# Losing residency?



## Justina (Jan 25, 2013)

How long can a Brit citizen with residency in Spain be allowed to be outside the country without losing residency?


----------



## xabiaxica (Jun 23, 2009)

Justina said:


> How long can a Brit citizen with residency in Spain be allowed to be outside the country without losing residency?


I was looking at this yesterday for an article I just finished!

According to this when applying for permanent residency, you have to have been resident in Spain for 5 years. Within that 5 years you must have had no more than a total of 10 months outside Spain & no longer than 6 months continuously.

I don't know what happens if you then leave Spain after you have your 'permanent' card, except that you're supposed to 'unregister' if you leave to live in another country.


----------



## JulyB (Jul 18, 2011)

2 consecutive years. 

From this PDF - https://www.google.es/url?sa=t&sour...ggfMAE&usg=AFQjCNHdecHeNkSmsp8w7dEERNLlQ-3GIQ

Obviously, this is while we are still EU citizens.

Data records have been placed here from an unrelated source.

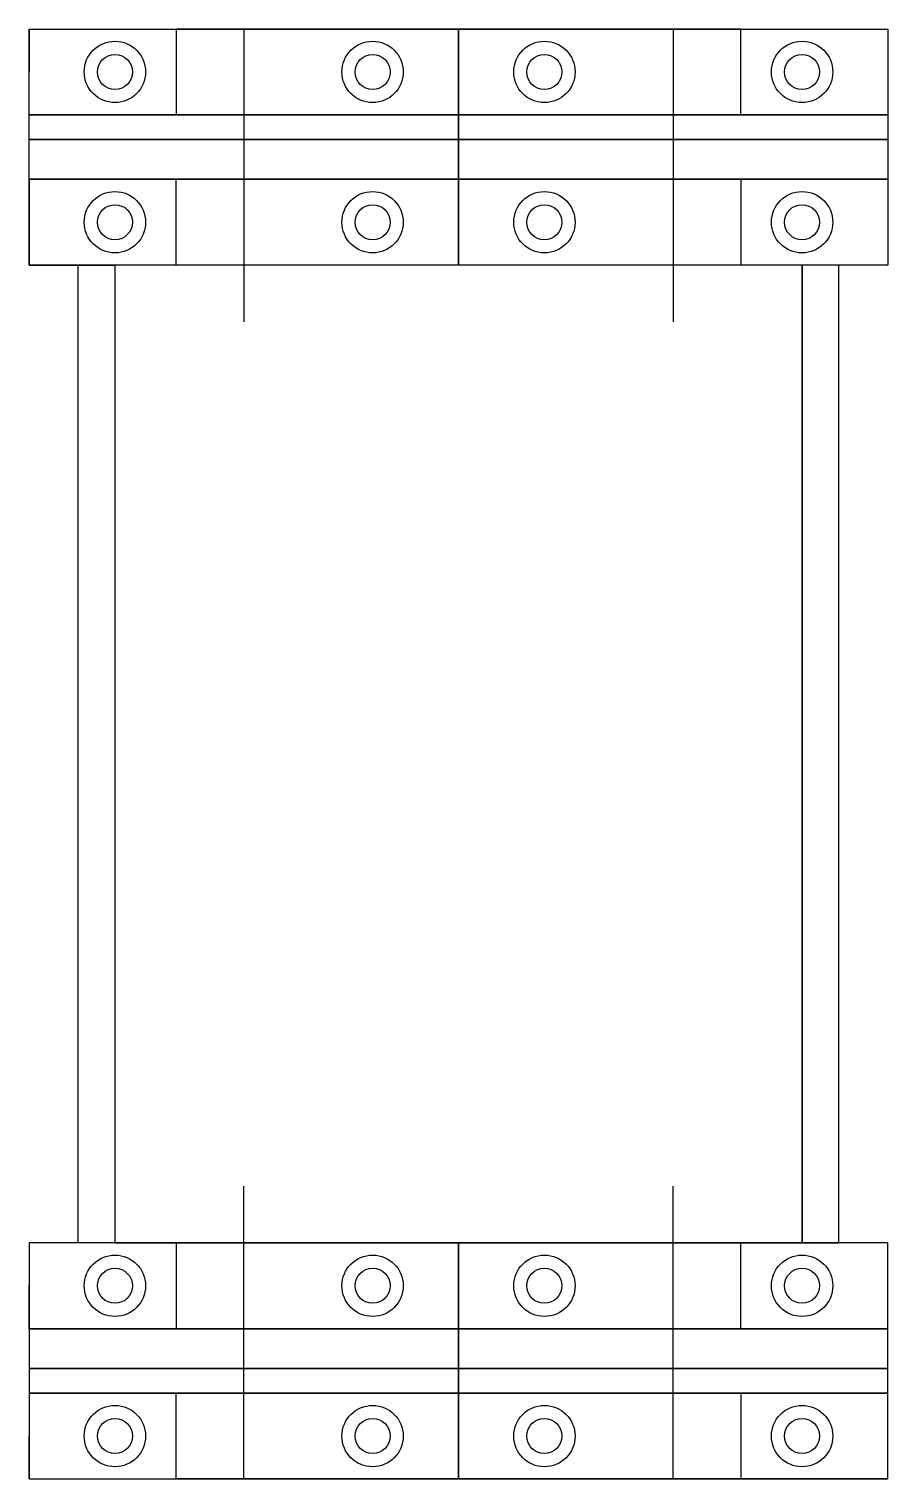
# Model space of a CAD drawing. Header units: millimetres. Extents: x 0 to 70, y 0 to 118.
import ezdxf

# ---------------------------------------------------------------- set-up
doc = ezdxf.new("R2010")
doc.units = ezdxf.units.MM
doc.layers.get('0').update_dxf_attribs({"true_color": 0xc2ced6})

msp = doc.modelspace()

# ---------------------------------------------------------------- linework, layer by layer
for p, q in [((0, 118.2), (0, 114.7)), ((0, 118.2), (17.5, 118.2)), ((0, 118.2, 3), (12, 118.2, 3)), ((17.5, 118.2), (17.5, 94.34)), ((35, 118.2), (35, 114.7)), ((35, 118.2), (35, 114.7)), ((35, 118.2), (52.5, 118.2)), ((52.5, 118.2), (52.5, 94.34)), ((70, 118.2), (70, 114.7)), ((35, 111.2, 8), (35, 109.2, 8)), ((70, 111.2, 3), (58, 111.2, 3)), ((70, 111.2, 8), (70, 109.2, 8)), ((35, 109.2, 8), (0, 109.2, 8)), ((70, 109.2, 8), (35, 109.2, 8)), ((0, 105.95), (0, 102.45)), ((0, 105.95, 3), (0, 98.95, 3)), ((0, 105.95, 3), (12, 105.95, 3)), ((35, 105.95), (35, 102.45)), ((35, 105.95), (35, 102.45)), ((70, 105.95, 3), (58, 105.95, 3)), ((58, 105.95, 3), (58, 98.95, 3)), ((70, 105.95), (70, 102.45)), ((0, 98.95, 3), (7, 98.95, 3)), ((17.5, 0), (17.5, 23.86)), ((52.5, 0), (52.5, 23.86)), ((7, 19.25, 3), (4, 19.25, 3)), ((66, 19.25, 3), (58, 19.25, 3)), ((70, 19.25, 3), (63, 19.25, 3)), ((63, 19.25, 3), (66, 19.25, 3)), ((70, 12.25, 3), (70, 19.25, 3)), ((0, 12.25), (0, 15.75)), ((35, 12.25), (35, 15.75)), ((35, 12.25), (35, 15.75)), ((70, 12.25), (70, 15.75)), ((0, 12.25, 3), (15, 12.25, 3)), ((0, 12.25, 3), (12, 12.25, 3)), ((35, 9, 8), (0, 9, 8)), ((35, 7, 8), (35, 9, 8)), ((70, 9, 8), (35, 9, 8)), ((70, 7, 8), (70, 9, 8)), ((0, 7, 3), (12, 7, 3)), ((0, 0), (0, 3.5)), ((35, 0), (35, 3.5)), ((35, 0), (35, 3.5)), ((70, 0), (70, 3.5)), ((0, 0), (17.5, 0)), ((35, 0), (52.5, 0)), ((70, 0, 3), (58, 0, 3))]:
    msp.add_line(p, q)
at = {"extrusion": (2.23301e-15, -1, 0)}
for p, q in [((0, 109.2, 14.5), (0, 109.2, 11.25)), ((35, 109.2, 14.5), (35, 109.2, 11.25))]:
    msp.add_line(p, q, dxfattribs=at)
at = {"extrusion": (1, -2.93794e-15, 0)}
msp.add_line((70, 109.2, 8), (70, 109.2, -5.21), dxfattribs=at)
at = {"extrusion": (3.75573e-15, 1, 0)}
for p, q in [((0, 9, 14.5), (0, 9, 11.25)), ((35, 9, 14.5), (35, 9, 11.25))]:
    msp.add_line(p, q, dxfattribs=at)
for points in [[(0, 118.2), (35, 118.2), (35, 98.95), (0, 98.95)], [(0, 118.2), (35, 118.2), (35, 111.2), (0, 111.2)], [(35, 118.2), (70, 118.2), (70, 98.95), (35, 98.95)], [(35, 118.2), (70, 118.2), (70, 111.2), (35, 111.2)], [(0, 105.95), (35, 105.95), (35, 98.95), (0, 98.95)], [(35, 105.95), (70, 105.95), (70, 98.95), (35, 98.95)], [(0, 0), (35, 0), (35, 19.25), (0, 19.25)], [(0, 12.25), (35, 12.25), (35, 19.25), (0, 19.25)], [(35, 0), (70, 0), (70, 19.25), (35, 19.25)], [(35, 12.25), (70, 12.25), (70, 19.25), (35, 19.25)], [(0, 0), (35, 0), (35, 7), (0, 7)], [(35, 0), (70, 0), (70, 7), (35, 7)]]:
    msp.add_lwpolyline(points, close=True)
for points, elevation in [([(58, 111.2), (58, 118.2), (12, 118.2), (12, 111.2)], 3), ([(0, 111.2), (35, 111.2), (35, 105.95), (0, 105.95)], 8), ([(35, 111.2), (70, 111.2), (70, 105.95), (35, 105.95)], 8), ([(12, 105.95), (58, 105.95), (58, 98.95), (12, 98.95)], 3), ([(4, 19.25), (4, 98.95), (7, 98.95), (7, 19.25)], 3), ([(7, 98.95), (7, 19.25), (63, 19.25), (63, 98.95)], 3), ([(66, 19.25), (66, 98.95), (63, 98.95), (63, 19.25)], 3), ([(12, 12.25), (58, 12.25), (58, 19.25), (12, 19.25)], 3), ([(0, 7), (35, 7), (35, 12.25), (0, 12.25)], 8), ([(35, 7), (70, 7), (70, 12.25), (35, 12.25)], 8), ([(12, 7), (58, 7), (58, 0), (12, 0)], 3)]:
    msp.add_lwpolyline(points, close=True, dxfattribs=dict(elevation=elevation))
at = {"extrusion": (2.23301e-15, -1, 0), "elevation": -109.2}
for points in [[(35, 14.5), (0, 14.5), (0, 11.25), (35, 11.25)], [(70, 14.5), (35, 14.5), (35, 11.25), (70, 11.25)]]:
    msp.add_lwpolyline(points, close=True, dxfattribs=at)
at = {"extrusion": (3.75573e-15, 1, 0), "elevation": 9}
for points in [[(-35, 14.5), (0, 14.5), (0, 11.25), (-35, 11.25)], [(-70, 14.5), (-35, 14.5), (-35, 11.25), (-70, 11.25)]]:
    msp.add_lwpolyline(points, close=True, dxfattribs=at)
for centre, radius in [((7, 114.7), 2.5), ((28, 114.7), 2.5), ((42, 114.7), 2.5), ((63, 114.7), 2.5), ((7, 114.7), 1.43), ((28, 114.7), 1.43), ((42, 114.7), 1.43), ((63, 114.7), 1.43), ((7, 102.45), 2.5), ((28, 102.45), 2.5), ((42, 102.45), 2.5), ((63, 102.45), 2.5), ((7, 102.45), 1.43), ((28, 102.45), 1.43), ((42, 102.45), 1.43), ((63, 102.45), 1.43), ((7, 15.75), 2.5), ((28, 15.75), 2.5), ((42, 15.75), 2.5), ((63, 15.75), 2.5), ((7, 15.75), 1.43), ((28, 15.75), 1.43), ((42, 15.75), 1.43), ((63, 15.75), 1.43), ((7, 3.5), 2.5), ((28, 3.5), 2.5), ((42, 3.5), 2.5), ((63, 3.5), 2.5), ((7, 3.5), 1.43), ((28, 3.5), 1.43), ((42, 3.5), 1.43), ((63, 3.5), 1.43)]:
    msp.add_circle(centre, radius)

doc.saveas('drawing.dxf')

Went and got permanente card the other day. Will put something on the forum about it.


----------



## 95995 (May 16, 2010)

If you have your card now, it should be valid until its expiry date (but you would still need to be wary about spending considerable time outside the country, especially since the UK is not part of the Schengen zone and, should the UK in fact exit, you can expect controls will be tighter if you re-enter via Gibraltar). Good luck!


----------



## Pesky Wesky (May 10, 2009)

EverHopeful said:


> If you have your card now, it should be valid until its expiry date (but you would still need to be wary about spending considerable time outside the country, especially since the UK is not part of the Schengen zone and, should the UK in fact exit, you can expect controls will be tighter if you re-enter via Gibraltar). Good luck!


I have a certificate which says _caracter permanente_, but I've always thought it's permanent until someone decides it isn't...
Personally I think new agreements and laws will be passed to circumvent many of the foreseeable residency and employment problems. Laws and exceptions to laws are made all the time like in March 2007 when the Spanish government decided to stipulate that EU members had to sign on the foreigners registration list.
That is if the nonbinding referendum is actually acted upon.


----------



## 95995 (May 16, 2010)

Pesky Wesky said:


> I have a certificate which says _caracter permanente_, but I've always thought it's permanent until someone decides it isn't...
> Personally I think new agreements and laws will be passed to circumvent many of the foreseeable residency and employment problems. Laws and exceptions to laws are made all the time like in March 2007 when the Spanish government decided to stipulate that EU members had to sign on the foreigners registration list.
> That is if the nonbinding referendum is actually acted upon.


That's always the case. Even nationality can be withdrawn. Even EU citizens don't really have automatic rights - beyond the free movement for work they are still generally required under EU law to be able to support themselves and, of course, an EU member country can leave the EU or even flout the EU regulations (for as long as they are allowed to get away with that). Note for example that nationals of an EU country have to jump more hurdles to have their non-EU spouse join them - that's a situation that's exempted from EU regulations.

Sovereign rights are not completely overwhelmed by EU membership, contrary to popular belief.

And, as you say, it is a non-binding referendum irrespective of Cameron having said he would implement the outcome. There's nothing in UK law that requires him to implement it and it remains a political decision to do so no matter how many people scream for it to be enacted.


----------